# Baked Beans



## peeper76 (Jul 22, 2008)

Does anyone have a good baked beans recipe?
Thanks


----------



## Loprraine (Jul 22, 2008)

Here's one we like.

Feves Au Lard

Serves 8 as a side dish.

 These beans boast two staples of Montreal cuisine, sweet maple syrup and rich salt pork. 

 Pick over and rinse 1 lb dried navy beans (2 1/4 cups). Soak in cold water to cover by 2 inches at least 8 hours. Drain. Put oven rack in middle in middle position and preheat to 350F. Rinse and pat dry  1/4 lb salt pork ( rind discarded ),  cut into 3 pieces.

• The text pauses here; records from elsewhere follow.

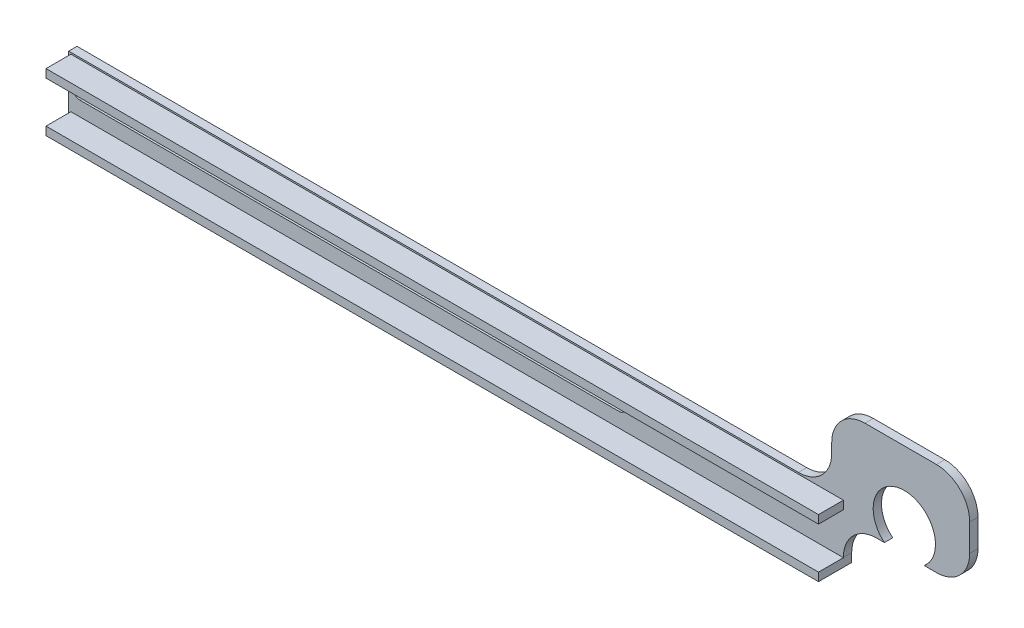
ISO-10303-21;
HEADER;
FILE_DESCRIPTION(('STEP AP214'),'2;1');
FILE_NAME('part.step','',(''),(''),'','','');
FILE_SCHEMA(('AUTOMOTIVE_DESIGN { 1 0 10303 214 1 1 1 1 }'));
ENDSEC;
DATA;
#1=APPLICATION_CONTEXT('core data for automotive mechanical design processes');
#2=APPLICATION_PROTOCOL_DEFINITION('international standard','automotive_design',2000,#1);
#3=PRODUCT_CONTEXT('',#1,'mechanical');
#4=PRODUCT('Part','Part','',(#3));
#5=PRODUCT_RELATED_PRODUCT_CATEGORY('part','',(#4));
#6=PRODUCT_DEFINITION_FORMATION('','',#4);
#7=PRODUCT_DEFINITION_CONTEXT('part definition',#1,'design');
#8=PRODUCT_DEFINITION('design','',#6,#7);
#9=PRODUCT_DEFINITION_SHAPE('','',#8);
#10=(LENGTH_UNIT() NAMED_UNIT(*) SI_UNIT(.MILLI.,.METRE.));
#11=(NAMED_UNIT(*) PLANE_ANGLE_UNIT() SI_UNIT($,.RADIAN.));
#12=(NAMED_UNIT(*) SI_UNIT($,.STERADIAN.) SOLID_ANGLE_UNIT());
#13=UNCERTAINTY_MEASURE_WITH_UNIT(LENGTH_MEASURE(1.E-05),#10,'distance_accuracy_value','');
#14=(GEOMETRIC_REPRESENTATION_CONTEXT(3) GLOBAL_UNCERTAINTY_ASSIGNED_CONTEXT((#13)) GLOBAL_UNIT_ASSIGNED_CONTEXT((#10,
#11,#12)) REPRESENTATION_CONTEXT('',''));
#15=CARTESIAN_POINT('',(0.,0.,0.));
#16=DIRECTION('',(0.,0.,1.));
#17=DIRECTION('',(1.,0.,0.));
#18=AXIS2_PLACEMENT_3D('',#15,#16,#17);
#19=CARTESIAN_POINT('',(0.,0.,-12.4577761138942));
#20=DIRECTION('',(0.,0.,1.));
#21=DIRECTION('',(1.,0.,0.));
#22=AXIS2_PLACEMENT_3D('',#19,#20,#21);
#23=PLANE('',#22);
#24=CARTESIAN_POINT('',(-233.58,17.9282038783923,-12.4577761138942));
#25=DIRECTION('',(0.,0.,1.));
#26=DIRECTION('',(1.,0.,0.));
#27=AXIS2_PLACEMENT_3D('',#24,#25,#26);
#28=CIRCLE('',#27,1.905);
#29=CARTESIAN_POINT('',(-233.58,19.8332038783923,-12.4577761138942));
#30=VERTEX_POINT('',#29);
#31=CARTESIAN_POINT('',(-233.58,16.0232038783923,-12.4577761138942));
#32=VERTEX_POINT('',#31);
#33=EDGE_CURVE('E377',#30,#32,#28,.T.);
#34=ORIENTED_EDGE('',*,*,#33,.F.);
#35=DIRECTION('',(-1.,0.,0.));
#36=VECTOR('',#35,1.);
#37=CARTESIAN_POINT('',(-233.58,19.8332038783923,-12.4577761138942));
#38=LINE('',#37,#36);
#39=CARTESIAN_POINT('',(-68.58,19.8332038783923,-12.4577761138942));
#40=VERTEX_POINT('',#39);
#41=EDGE_CURVE('E382',#40,#30,#38,.T.);
#42=ORIENTED_EDGE('',*,*,#41,.F.);
#43=CARTESIAN_POINT('',(-68.58,17.9282038783923,-12.4577761138942));
#44=DIRECTION('',(0.,0.,1.));
#45=DIRECTION('',(1.,0.,0.));
#46=AXIS2_PLACEMENT_3D('',#43,#44,#45);
#47=CIRCLE('',#46,1.905);
#48=CARTESIAN_POINT('',(-68.58,16.0232038783923,-12.4577761138942));
#49=VERTEX_POINT('',#48);
#50=EDGE_CURVE('E396',#49,#40,#47,.T.);
#51=ORIENTED_EDGE('',*,*,#50,.F.);
#52=DIRECTION('',(1.,0.,0.));
#53=VECTOR('',#52,1.);
#54=CARTESIAN_POINT('',(-233.58,16.0232038783923,-12.4577761138942));
#55=LINE('',#54,#53);
#56=EDGE_CURVE('E393',#32,#49,#55,.T.);
#57=ORIENTED_EDGE('',*,*,#56,.F.);
#58=EDGE_LOOP('',(#34,#42,#51,#57));
#59=FACE_BOUND('',#58,.T.);
#60=DIRECTION('',(1.,0.,0.));
#61=VECTOR('',#60,1.);
#62=CARTESIAN_POINT('',(-236.278650796638,24.2782038783923,-12.4577761138942));
#63=LINE('',#62,#61);
#64=CARTESIAN_POINT('',(-236.278650796638,24.2782038783923,-12.4577761138942));
#65=VERTEX_POINT('',#64);
#66=CARTESIAN_POINT('',(0.,24.2782038783923,-12.4577761138942));
#67=VERTEX_POINT('',#66);
#68=EDGE_CURVE('E354',#65,#67,#63,.T.);
#69=ORIENTED_EDGE('',*,*,#68,.F.);
#70=DIRECTION('',(0.,-1.,0.));
#71=VECTOR('',#70,1.);
#72=CARTESIAN_POINT('',(-236.278650796638,24.2782038783923,-12.4577761138942));
#73=LINE('',#72,#71);
#74=CARTESIAN_POINT('',(-236.278650796638,26.8182038783923,-12.4577761138942));
#75=VERTEX_POINT('',#74);
#76=EDGE_CURVE('E340',#75,#65,#73,.T.);
#77=ORIENTED_EDGE('',*,*,#76,.F.);
#78=DIRECTION('',(-1.,0.,0.));
#79=VECTOR('',#78,1.);
#80=CARTESIAN_POINT('',(-236.278650796638,26.8182038783923,-12.4577761138942));
#81=LINE('',#80,#79);
#82=CARTESIAN_POINT('',(0.,26.8182038783923,-12.4577761138942));
#83=VERTEX_POINT('',#82);
#84=EDGE_CURVE('E345',#83,#75,#81,.T.);
#85=ORIENTED_EDGE('',*,*,#84,.F.);
#86=DIRECTION('',(0.,1.,0.));
#87=VECTOR('',#86,1.);
#88=CARTESIAN_POINT('',(0.,24.2782038783923,-12.4577761138942));
#89=LINE('',#88,#87);
#90=EDGE_CURVE('E356',#67,#83,#89,.T.);
#91=ORIENTED_EDGE('',*,*,#90,.F.);
#92=EDGE_LOOP('',(#69,#77,#85,#91));
#93=FACE_BOUND('',#92,.T.);
#94=DIRECTION('',(1.,0.,0.));
#95=VECTOR('',#94,1.);
#96=CARTESIAN_POINT('',(0.,21.8576281221092,-12.4577761138942));
#97=LINE('',#96,#95);
#98=CARTESIAN_POINT('',(24.7213688446268,21.8576281221092,-12.4577761138942));
#99=VERTEX_POINT('',#98);
#100=CARTESIAN_POINT('',(28.467466088673,21.8576281221092,-12.4577761138942));
#101=VERTEX_POINT('',#100);
#102=EDGE_CURVE('E420',#99,#101,#97,.T.);
#103=ORIENTED_EDGE('',*,*,#102,.T.);
#104=CARTESIAN_POINT('',(28.467466088673,32.0176281221092,-12.4577761138942));
#105=DIRECTION('',(0.,0.,1.));
#106=DIRECTION('',(1.,0.,0.));
#107=AXIS2_PLACEMENT_3D('',#104,#105,#106);
#108=CIRCLE('',#107,10.16);
#109=CARTESIAN_POINT('',(38.627466088673,32.0176281221092,-12.4577761138942));
#110=VERTEX_POINT('',#109);
#111=EDGE_CURVE('E443',#101,#110,#108,.T.);
#112=ORIENTED_EDGE('',*,*,#111,.T.);
#113=DIRECTION('',(0.,-1.,0.));
#114=VECTOR('',#113,1.);
#115=CARTESIAN_POINT('',(38.627466088673,0.,-12.4577761138942));
#116=LINE('',#115,#114);
#117=CARTESIAN_POINT('',(38.627466088673,40.3504366514233,-12.4577761138942));
#118=VERTEX_POINT('',#117);
#119=EDGE_CURVE('E308',#118,#110,#116,.T.);
#120=ORIENTED_EDGE('',*,*,#119,.F.);
#121=CARTESIAN_POINT('',(28.467466088673,40.3504366514233,-12.4577761138942));
#122=DIRECTION('',(0.,0.,1.));
#123=DIRECTION('',(1.,0.,0.));
#124=AXIS2_PLACEMENT_3D('',#121,#122,#123);
#125=CIRCLE('',#124,10.16);
#126=CARTESIAN_POINT('',(28.4674660886729,50.5104366514233,-12.4577761138942));
#127=VERTEX_POINT('',#126);
#128=EDGE_CURVE('E441',#118,#127,#125,.T.);
#129=ORIENTED_EDGE('',*,*,#128,.T.);
#130=DIRECTION('',(1.,0.,0.));
#131=VECTOR('',#130,1.);
#132=CARTESIAN_POINT('',(-3.57403743720038,50.5104366514233,-12.4577761138942));
#133=LINE('',#132,#131);
#134=CARTESIAN_POINT('',(6.58596256279963,50.5104366514233,-12.4577761138942));
#135=VERTEX_POINT('',#134);
#136=EDGE_CURVE('E313',#135,#127,#133,.T.);
#137=ORIENTED_EDGE('',*,*,#136,.F.);
#138=CARTESIAN_POINT('',(6.58596256279963,40.3504366514233,-12.4577761138942));
#139=DIRECTION('',(0.,0.,1.));
#140=DIRECTION('',(1.,0.,0.));
#141=AXIS2_PLACEMENT_3D('',#138,#139,#140);
#142=CIRCLE('',#141,10.16);
#143=CARTESIAN_POINT('',(-3.57403743720037,40.3504366514233,-12.4577761138942));
#144=VERTEX_POINT('',#143);
#145=EDGE_CURVE('E439',#135,#144,#142,.T.);
#146=ORIENTED_EDGE('',*,*,#145,.T.);
#147=DIRECTION('',(0.,1.,0.));
#148=VECTOR('',#147,1.);
#149=CARTESIAN_POINT('',(-3.57403743720035,0.,-12.4577761138942));
#150=LINE('',#149,#148);
#151=CARTESIAN_POINT('',(-3.57403743720036,37.4540639355095,-12.4577761138942));
#152=VERTEX_POINT('',#151);
#153=EDGE_CURVE('E294',#152,#144,#150,.T.);
#154=ORIENTED_EDGE('',*,*,#153,.F.);
#155=CARTESIAN_POINT('',(-13.7340374372004,37.4540639355095,-12.4577761138942));
#156=DIRECTION('',(0.,0.,1.));
#157=DIRECTION('',(1.,0.,0.));
#158=AXIS2_PLACEMENT_3D('',#155,#156,#157);
#159=CIRCLE('',#158,10.16);
#160=CARTESIAN_POINT('',(-13.7340374372004,27.2940639355094,-12.4577761138942));
#161=VERTEX_POINT('',#160);
#162=EDGE_CURVE('E458',#152,#161,#159,.F.);
#163=ORIENTED_EDGE('',*,*,#162,.T.);
#164=DIRECTION('',(1.,0.,0.));
#165=VECTOR('',#164,1.);
#166=CARTESIAN_POINT('',(0.,27.2940639355094,-12.4577761138942));
#167=LINE('',#166,#165);
#168=CARTESIAN_POINT('',(-236.955667324388,27.2940639355094,-12.4577761138942));
#169=VERTEX_POINT('',#168);
#170=EDGE_CURVE('E300',#169,#161,#167,.T.);
#171=ORIENTED_EDGE('',*,*,#170,.F.);
#172=DIRECTION('',(0.,-1.,0.));
#173=VECTOR('',#172,1.);
#174=CARTESIAN_POINT('',(-236.955667324388,0.,-12.4577761138942));
#175=LINE('',#174,#173);
#176=CARTESIAN_POINT('',(-236.955667324388,9.0382038783923,-12.4577761138942));
#177=VERTEX_POINT('',#176);
#178=EDGE_CURVE('E272',#169,#177,#175,.T.);
#179=ORIENTED_EDGE('',*,*,#178,.T.);
#180=DIRECTION('',(1.,0.,0.));
#181=VECTOR('',#180,1.);
#182=CARTESIAN_POINT('',(0.,9.0382038783923,-12.4577761138942));
#183=LINE('',#182,#181);
#184=CARTESIAN_POINT('',(-236.278650796638,9.0382038783923,-12.4577761138942));
#185=VERTEX_POINT('',#184);
#186=EDGE_CURVE('E292',#177,#185,#183,.T.);
#187=ORIENTED_EDGE('',*,*,#186,.T.);
#188=DIRECTION('',(0.,-1.,0.));
#189=VECTOR('',#188,1.);
#190=CARTESIAN_POINT('',(-236.278650796638,11.5782038783923,-12.4577761138942));
#191=LINE('',#190,#189);
#192=CARTESIAN_POINT('',(-236.278650796638,11.5782038783923,-12.4577761138942));
#193=VERTEX_POINT('',#192);
#194=EDGE_CURVE('E305',#193,#185,#191,.T.);
#195=ORIENTED_EDGE('',*,*,#194,.F.);
#196=DIRECTION('',(-1.,0.,0.));
#197=VECTOR('',#196,1.);
#198=CARTESIAN_POINT('',(-236.278650796638,11.5782038783923,-12.4577761138942));
#199=LINE('',#198,#197);
#200=CARTESIAN_POINT('',(0.,11.5782038783923,-12.4577761138942));
#201=VERTEX_POINT('',#200);
#202=EDGE_CURVE('E319',#201,#193,#199,.T.);
#203=ORIENTED_EDGE('',*,*,#202,.F.);
#204=DIRECTION('',(0.,1.,0.));
#205=VECTOR('',#204,1.);
#206=CARTESIAN_POINT('',(0.,-12.1410556627461,-12.4577761138942));
#207=LINE('',#206,#205);
#208=CARTESIAN_POINT('',(0.,11.6976281221092,-12.4577761138942));
#209=VERTEX_POINT('',#208);
#210=EDGE_CURVE('E403',#201,#209,#207,.T.);
#211=ORIENTED_EDGE('',*,*,#210,.T.);
#212=CARTESIAN_POINT('',(10.16,11.6976281221092,-12.4577761138942));
#213=DIRECTION('',(0.,0.,1.));
#214=DIRECTION('',(1.,0.,0.));
#215=AXIS2_PLACEMENT_3D('',#212,#213,#214);
#216=CIRCLE('',#215,10.16);
#217=CARTESIAN_POINT('',(10.16,21.8576281221092,-12.4577761138942));
#218=VERTEX_POINT('',#217);
#219=EDGE_CURVE('E100',#209,#218,#216,.F.);
#220=ORIENTED_EDGE('',*,*,#219,.T.);
#221=CARTESIAN_POINT('',(12.5337036709326,21.8576281221092,-12.4577761138942));
#222=VERTEX_POINT('',#221);
#223=EDGE_CURVE('E414',#218,#222,#97,.T.);
#224=ORIENTED_EDGE('',*,*,#223,.T.);
#225=CARTESIAN_POINT('',(18.6275362577797,29.1782038783923,-12.4577761138942));
#226=DIRECTION('',(0.,0.,1.));
#227=DIRECTION('',(1.,0.,0.));
#228=AXIS2_PLACEMENT_3D('',#225,#226,#227);
#229=CIRCLE('',#228,9.525);
#230=EDGE_CURVE('E417',#99,#222,#229,.T.);
#231=ORIENTED_EDGE('',*,*,#230,.F.);
#232=EDGE_LOOP('',(#103,#112,#120,#129,#137,#146,#154,#163,#171,#179,#187,#195,#203,#211,#220,
#224,#231));
#233=FACE_BOUND('',#232,.T.);
#234=ADVANCED_FACE('F92',(#59,#93,#233),#23,.T.);
#235=CARTESIAN_POINT('',(0.,-12.1410556627461,-14.9977761138942));
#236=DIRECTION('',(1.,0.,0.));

 Put beans and pork in an ovenproof 3 quart heavy pot with a lid. Add 4 1/2 cups water, 1 large onion finely chopped ( about 2 cups ), 2 chopped garlic cloves, 1/2 cup grade b Maple Syrup, 1 Tbsp dry English Mustard ( preferably Colman's), snd 1 Tsp freshly ground black pepper, and stir to combine. Cover pot and bake until beans are just tender, 3 to 4 hours. Reduce oven temperature to 325, Remove lid. Bake beans, stirring occasionally, until most of the liquid is absorbed, but beans are still saucy, 1 to 1 1/2 hours more. Remove from oven, and stir in 1 Tbsp Cider Vinegar, and 1 tsp salt, or more to taste.


----------



## attie (Jul 22, 2008)

Another one that we like
"500g dried navy beans or cannellini
1 tsp bicarbonate of soda 
water
2 tbs olive oil
1 large onion, diced
3 cloves garlic, chopped
700g bottle Pasatta
¼ cup treacle
¼ cup brown sugar
2 tbs Worcestershire sauce
1 tbs apple cider vinegar
2 bay leaves
1 tbs dry English mustard
¼ tsp ground cloves
¼ tsp smoked paprika
Sea salt and freshly ground black pepper
2 cups chicken stock 
1 small ham hock [we like more than one]
METHOD
Preheat the oven to 160°C (140°C fan-forced). 
In a medium saucepan, combine beans, bicarbonate of soda and cover with water. Bring to the boil, remove from heat and allow to stand for at least two hours. Return saucepan to the heat, bring to the boil, drain.
Heat oil in a large enamelled cast-iron casserole and sauté onion and garlic.
Add the remaining ingredients, including the beans and bring to the boil.
Place the ham hock on top of the beans, cover and place casserole in preheated oven for 4-5 hours.
Remove hock from casserole, discard skin and bone, shred meat. Remove bay leaves before returning shredded meat to the beans. Serve on toast.


----------



## pacanis (Jul 22, 2008)

Yes. I posted one here a while back and it was similar to ones posted before I got here, so it _must_ be good 
http://www.discusscooking.com/forums/f20/iso-baked-bean-recipes-42122.html


----------



## TATTRAT (Jul 22, 2008)

I like to cook mine with bacon, peppers, onions, and root beer. For real, it is delicious.


----------



## pacanis (Jul 22, 2008)

Root beer?
A dash for taste, or as the cooking liquid?


----------



## TATTRAT (Jul 22, 2008)

at least a can, and let it reduce. For real. Best baked beans ever, kinda just one of those weired things that work, like grape jelly mixed in with BBQ sauce, sounds ridiculous, but it works. I learned the root bear baked beans from a chef buddy of mine who has cooked for royalty and he swore by it. Tried it, never done them any other way since.


----------



## pacanis (Jul 22, 2008)

Nifty.  I'll have to give that a try.


----------



## TATTRAT (Jul 22, 2008)

Do it, DO IT!


----------



## Maverick2272 (Jul 22, 2008)

Hey TAT, got a recipe on that? I would love to try it that way but don't know where to start. General amounts and approximations are fine, just need a starting point, LOL.


----------



## Wart (Jul 22, 2008)

TATTRAT said:


> I like to cook mine with... and root beer.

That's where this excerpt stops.